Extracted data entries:
= Beginning of Section =

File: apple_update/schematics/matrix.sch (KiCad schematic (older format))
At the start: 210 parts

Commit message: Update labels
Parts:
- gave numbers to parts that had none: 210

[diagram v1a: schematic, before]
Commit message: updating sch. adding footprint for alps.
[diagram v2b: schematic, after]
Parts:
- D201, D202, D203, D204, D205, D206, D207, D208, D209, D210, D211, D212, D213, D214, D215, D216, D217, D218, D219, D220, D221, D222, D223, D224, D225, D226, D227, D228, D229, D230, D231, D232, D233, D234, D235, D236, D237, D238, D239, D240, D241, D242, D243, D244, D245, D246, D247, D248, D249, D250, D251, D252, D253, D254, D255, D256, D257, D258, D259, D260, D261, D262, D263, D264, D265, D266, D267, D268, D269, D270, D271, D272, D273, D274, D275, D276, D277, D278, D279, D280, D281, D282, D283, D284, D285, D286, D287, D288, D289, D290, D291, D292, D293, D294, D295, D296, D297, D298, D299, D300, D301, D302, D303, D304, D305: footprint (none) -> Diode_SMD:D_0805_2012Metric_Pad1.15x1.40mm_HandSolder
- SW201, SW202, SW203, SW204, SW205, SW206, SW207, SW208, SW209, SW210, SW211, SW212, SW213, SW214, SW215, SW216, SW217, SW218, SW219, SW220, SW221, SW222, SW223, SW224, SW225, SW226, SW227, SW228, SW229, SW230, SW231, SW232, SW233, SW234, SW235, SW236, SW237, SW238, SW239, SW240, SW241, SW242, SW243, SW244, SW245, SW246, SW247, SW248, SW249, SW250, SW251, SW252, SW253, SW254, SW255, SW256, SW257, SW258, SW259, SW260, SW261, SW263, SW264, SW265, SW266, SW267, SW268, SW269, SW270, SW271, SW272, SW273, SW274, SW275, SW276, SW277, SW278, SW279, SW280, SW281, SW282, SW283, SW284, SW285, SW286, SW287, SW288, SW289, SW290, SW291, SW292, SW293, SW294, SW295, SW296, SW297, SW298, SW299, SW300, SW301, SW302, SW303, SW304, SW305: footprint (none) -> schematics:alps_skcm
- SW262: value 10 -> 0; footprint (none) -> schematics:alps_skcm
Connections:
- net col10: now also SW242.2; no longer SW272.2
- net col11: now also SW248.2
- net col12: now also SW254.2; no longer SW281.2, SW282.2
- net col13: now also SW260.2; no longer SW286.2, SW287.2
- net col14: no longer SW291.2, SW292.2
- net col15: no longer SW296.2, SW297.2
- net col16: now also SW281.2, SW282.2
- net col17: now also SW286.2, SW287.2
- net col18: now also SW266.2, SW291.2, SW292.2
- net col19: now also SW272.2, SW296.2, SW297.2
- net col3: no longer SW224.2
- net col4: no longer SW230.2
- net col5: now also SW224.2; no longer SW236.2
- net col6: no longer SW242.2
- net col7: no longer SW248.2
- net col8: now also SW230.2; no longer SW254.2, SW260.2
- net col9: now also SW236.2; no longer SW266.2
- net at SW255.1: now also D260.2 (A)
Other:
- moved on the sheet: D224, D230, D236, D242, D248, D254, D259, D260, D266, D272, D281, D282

= End of Section =

* Assigned task
Please give an exact copy of the entries above, from the line with "(none) -> Diode_SMD:D_0805_2012Metric_Pad1.15x1.40mm_HandSolder" down to the line with "- net col16: now also SW281.2, SW282.2", inclusive, and nothing else.

* Response area
- D201, D202, D203, D204, D205, D206, D207, D208, D209, D210, D211, D212, D213, D214, D215, D216, D217, D218, D219, D220, D221, D222, D223, D224, D225, D226, D227, D228, D229, D230, D231, D232, D233, D234, D235, D236, D237, D238, D239, D240, D241, D242, D243, D244, D245, D246, D247, D248, D249, D250, D251, D252, D253, D254, D255, D256, D257, D258, D259, D260, D261, D262, D263, D264, D265, D266, D267, D268, D269, D270, D271, D272, D273, D274, D275, D276, D277, D278, D279, D280, D281, D282, D283, D284, D285, D286, D287, D288, D289, D290, D291, D292, D293, D294, D295, D296, D297, D298, D299, D300, D301, D302, D303, D304, D305: footprint (none) -> Diode_SMD:D_0805_2012Metric_Pad1.15x1.40mm_HandSolder
- SW201, SW202, SW203, SW204, SW205, SW206, SW207, SW208, SW209, SW210, SW211, SW212, SW213, SW214, SW215, SW216, SW217, SW218, SW219, SW220, SW221, SW222, SW223, SW224, SW225, SW226, SW227, SW228, SW229, SW230, SW231, SW232, SW233, SW234, SW235, SW236, SW237, SW238, SW239, SW240, SW241, SW242, SW243, SW244, SW245, SW246, SW247, SW248, SW249, SW250, SW251, SW252, SW253, SW254, SW255, SW256, SW257, SW258, SW259, SW260, SW261, SW263, SW264, SW265, SW266, SW267, SW268, SW269, SW270, SW271, SW272, SW273, SW274, SW275, SW276, SW277, SW278, SW279, SW280, SW281, SW282, SW283, SW284, SW285, SW286, SW287, SW288, SW289, SW290, SW291, SW292, SW293, SW294, SW295, SW296, SW297, SW298, SW299, SW300, SW301, SW302, SW303, SW304, SW305: footprint (none) -> schematics:alps_skcm
- SW262: value 10 -> 0; footprint (none) -> schematics:alps_skcm
Connections:
- net col10: now also SW242.2; no longer SW272.2
- net col11: now also SW248.2
- net col12: now also SW254.2; no longer SW281.2, SW282.2
- net col13: now also SW260.2; no longer SW286.2, SW287.2
- net col14: no longer SW291.2, SW292.2
- net col15: no longer SW296.2, SW297.2
- net col16: now also SW281.2, SW282.2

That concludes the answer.